Hush little child, don’t say a word…
While driving home from physical therapy yesterday, I heard the song The Throne of God Above. While listening to the tunes, I got an image of Christ bending silent before his accusers. He was beaten, bleeding and bruising. Yet in the accost he did not defend himself. Instead he looked onward with pity and prayed silently for God to forgive them.

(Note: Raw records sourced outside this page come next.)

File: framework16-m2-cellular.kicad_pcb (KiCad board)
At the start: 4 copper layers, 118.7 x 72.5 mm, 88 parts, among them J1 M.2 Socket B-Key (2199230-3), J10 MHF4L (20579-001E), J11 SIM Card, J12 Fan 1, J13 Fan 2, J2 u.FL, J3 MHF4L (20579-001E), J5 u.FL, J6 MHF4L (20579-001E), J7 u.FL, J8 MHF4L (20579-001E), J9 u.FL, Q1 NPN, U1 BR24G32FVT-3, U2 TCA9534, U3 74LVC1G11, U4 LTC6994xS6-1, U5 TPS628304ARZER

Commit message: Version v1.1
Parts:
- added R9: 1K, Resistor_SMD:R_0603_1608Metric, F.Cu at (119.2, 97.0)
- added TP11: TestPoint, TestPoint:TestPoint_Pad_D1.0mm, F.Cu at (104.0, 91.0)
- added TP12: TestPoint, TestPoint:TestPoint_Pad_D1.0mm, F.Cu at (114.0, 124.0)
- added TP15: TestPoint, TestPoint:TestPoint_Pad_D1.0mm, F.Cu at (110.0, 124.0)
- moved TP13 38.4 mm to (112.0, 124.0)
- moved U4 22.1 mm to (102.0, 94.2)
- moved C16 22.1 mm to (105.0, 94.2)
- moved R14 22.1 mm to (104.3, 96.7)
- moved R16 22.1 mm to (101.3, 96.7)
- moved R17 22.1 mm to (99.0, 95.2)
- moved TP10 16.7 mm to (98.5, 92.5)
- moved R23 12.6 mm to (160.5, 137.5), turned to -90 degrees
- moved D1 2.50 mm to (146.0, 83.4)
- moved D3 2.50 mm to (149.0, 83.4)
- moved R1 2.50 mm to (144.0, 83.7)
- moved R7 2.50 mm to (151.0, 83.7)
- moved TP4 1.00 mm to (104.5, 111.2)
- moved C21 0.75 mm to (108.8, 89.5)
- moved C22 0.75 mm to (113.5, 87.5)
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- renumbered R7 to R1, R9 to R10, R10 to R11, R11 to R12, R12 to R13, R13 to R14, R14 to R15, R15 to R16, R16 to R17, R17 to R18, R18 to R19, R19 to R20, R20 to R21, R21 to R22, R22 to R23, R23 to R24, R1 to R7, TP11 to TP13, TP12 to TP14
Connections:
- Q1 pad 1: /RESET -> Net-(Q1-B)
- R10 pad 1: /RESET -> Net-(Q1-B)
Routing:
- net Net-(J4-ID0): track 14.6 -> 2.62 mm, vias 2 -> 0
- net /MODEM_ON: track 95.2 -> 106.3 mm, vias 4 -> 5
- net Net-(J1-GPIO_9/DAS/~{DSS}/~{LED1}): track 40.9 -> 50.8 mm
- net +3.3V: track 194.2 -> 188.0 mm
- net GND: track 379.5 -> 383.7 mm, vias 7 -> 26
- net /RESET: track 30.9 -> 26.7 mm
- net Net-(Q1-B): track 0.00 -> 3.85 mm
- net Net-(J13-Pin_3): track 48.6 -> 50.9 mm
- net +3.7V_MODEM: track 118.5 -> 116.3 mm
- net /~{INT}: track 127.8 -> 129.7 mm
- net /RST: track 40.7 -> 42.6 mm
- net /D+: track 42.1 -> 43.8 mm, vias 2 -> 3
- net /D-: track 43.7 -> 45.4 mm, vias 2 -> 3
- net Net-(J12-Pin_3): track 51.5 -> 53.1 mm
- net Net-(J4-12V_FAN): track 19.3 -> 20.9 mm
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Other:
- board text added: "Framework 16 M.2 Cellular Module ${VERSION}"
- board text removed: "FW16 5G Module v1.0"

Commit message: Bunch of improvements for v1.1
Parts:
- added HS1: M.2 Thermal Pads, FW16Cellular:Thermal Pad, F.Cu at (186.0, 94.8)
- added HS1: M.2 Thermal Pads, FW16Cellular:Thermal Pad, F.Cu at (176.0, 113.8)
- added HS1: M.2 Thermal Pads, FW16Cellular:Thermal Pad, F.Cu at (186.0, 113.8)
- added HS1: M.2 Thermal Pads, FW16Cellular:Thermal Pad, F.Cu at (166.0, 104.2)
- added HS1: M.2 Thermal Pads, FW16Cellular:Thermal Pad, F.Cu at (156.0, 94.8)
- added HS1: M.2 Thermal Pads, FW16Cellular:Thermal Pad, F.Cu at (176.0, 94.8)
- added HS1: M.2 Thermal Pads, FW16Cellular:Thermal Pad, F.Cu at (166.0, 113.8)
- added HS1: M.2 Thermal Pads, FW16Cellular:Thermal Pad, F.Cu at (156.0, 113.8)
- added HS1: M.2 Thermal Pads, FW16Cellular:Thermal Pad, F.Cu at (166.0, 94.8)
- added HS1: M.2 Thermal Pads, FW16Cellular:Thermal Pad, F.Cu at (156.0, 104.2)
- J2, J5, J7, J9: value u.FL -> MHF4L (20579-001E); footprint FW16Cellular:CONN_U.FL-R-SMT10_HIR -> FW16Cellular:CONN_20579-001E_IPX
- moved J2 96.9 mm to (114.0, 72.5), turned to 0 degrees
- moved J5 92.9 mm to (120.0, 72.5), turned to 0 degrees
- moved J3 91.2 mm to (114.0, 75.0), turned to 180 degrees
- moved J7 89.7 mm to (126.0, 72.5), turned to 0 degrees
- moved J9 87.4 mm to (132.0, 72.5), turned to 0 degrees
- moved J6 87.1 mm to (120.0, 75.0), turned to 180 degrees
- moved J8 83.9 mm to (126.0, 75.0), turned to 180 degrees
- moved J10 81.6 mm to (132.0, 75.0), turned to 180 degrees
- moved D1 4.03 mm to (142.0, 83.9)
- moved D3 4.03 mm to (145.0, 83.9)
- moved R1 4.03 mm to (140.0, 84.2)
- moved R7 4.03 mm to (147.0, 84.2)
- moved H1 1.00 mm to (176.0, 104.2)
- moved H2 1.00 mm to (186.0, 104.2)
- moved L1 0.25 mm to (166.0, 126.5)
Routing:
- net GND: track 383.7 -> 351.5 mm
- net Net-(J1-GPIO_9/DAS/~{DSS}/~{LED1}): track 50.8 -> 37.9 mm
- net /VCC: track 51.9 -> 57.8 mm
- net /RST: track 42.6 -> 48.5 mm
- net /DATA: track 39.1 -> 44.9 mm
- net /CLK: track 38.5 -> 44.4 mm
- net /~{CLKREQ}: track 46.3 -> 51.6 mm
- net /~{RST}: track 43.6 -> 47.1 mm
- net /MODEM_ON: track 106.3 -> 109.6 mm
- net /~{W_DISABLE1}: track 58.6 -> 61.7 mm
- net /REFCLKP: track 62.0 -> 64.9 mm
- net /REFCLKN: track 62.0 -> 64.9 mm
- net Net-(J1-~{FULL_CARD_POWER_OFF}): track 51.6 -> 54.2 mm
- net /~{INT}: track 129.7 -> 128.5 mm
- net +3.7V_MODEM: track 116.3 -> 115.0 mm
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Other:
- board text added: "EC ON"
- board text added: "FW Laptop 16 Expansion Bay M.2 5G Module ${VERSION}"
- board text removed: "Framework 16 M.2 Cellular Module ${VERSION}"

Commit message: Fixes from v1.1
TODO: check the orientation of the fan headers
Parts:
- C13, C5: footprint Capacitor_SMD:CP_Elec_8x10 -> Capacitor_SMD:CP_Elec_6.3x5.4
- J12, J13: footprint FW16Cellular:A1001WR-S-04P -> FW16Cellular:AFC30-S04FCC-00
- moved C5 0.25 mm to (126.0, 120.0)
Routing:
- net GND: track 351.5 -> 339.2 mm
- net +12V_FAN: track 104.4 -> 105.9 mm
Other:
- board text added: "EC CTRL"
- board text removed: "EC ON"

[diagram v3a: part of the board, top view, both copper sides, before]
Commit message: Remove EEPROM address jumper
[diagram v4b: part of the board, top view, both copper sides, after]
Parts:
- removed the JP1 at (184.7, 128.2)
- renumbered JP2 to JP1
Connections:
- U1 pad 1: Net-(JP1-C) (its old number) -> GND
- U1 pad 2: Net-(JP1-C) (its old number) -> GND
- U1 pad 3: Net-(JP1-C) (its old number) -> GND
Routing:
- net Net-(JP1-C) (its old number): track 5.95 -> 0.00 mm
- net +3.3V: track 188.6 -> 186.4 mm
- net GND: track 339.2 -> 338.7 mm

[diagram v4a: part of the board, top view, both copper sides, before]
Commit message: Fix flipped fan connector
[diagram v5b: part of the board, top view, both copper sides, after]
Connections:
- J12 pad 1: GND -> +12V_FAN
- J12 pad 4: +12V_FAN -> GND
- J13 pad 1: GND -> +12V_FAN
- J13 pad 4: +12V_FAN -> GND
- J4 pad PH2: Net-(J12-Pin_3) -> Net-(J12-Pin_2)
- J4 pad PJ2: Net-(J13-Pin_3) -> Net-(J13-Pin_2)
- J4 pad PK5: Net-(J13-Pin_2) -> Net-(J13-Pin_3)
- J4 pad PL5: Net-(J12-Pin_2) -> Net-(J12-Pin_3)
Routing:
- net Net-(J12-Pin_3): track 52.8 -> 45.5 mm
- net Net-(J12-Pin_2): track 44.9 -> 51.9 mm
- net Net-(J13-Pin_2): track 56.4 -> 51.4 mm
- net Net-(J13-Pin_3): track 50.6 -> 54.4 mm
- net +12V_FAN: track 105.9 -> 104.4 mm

It was in that moment that I felt like God was nudging me. He was hinting that is where I should start, in silence. I keep gossiping because I prattle. It is okay to let ear drums be still. My father reiterated this point. I wouldn’t gossip if I didn’t talk about people or complain if I just was thankful. Also, if I strain myself to only speak when I have positive speech to bless the hearing folks surrounding me than I would complain less, or at least my negativity would be confined to my mind. Over time my lack of negativity being poured out would penetrate my heart and my thoughts would become more optimistic, more uplifting.
So that is where I must begin, in exercising silence and when I do speak, than it must only be that which is inclined towards encouragement and joy. In doing so I’ll train this tongue, with the help of the Holy Spirit of course, to be a gift to those who are listening and only be praise that would usher glory to the throne of God above.
If you don’t have anything nice to say, don’t say it at all.– An adage from most mothers throughout time.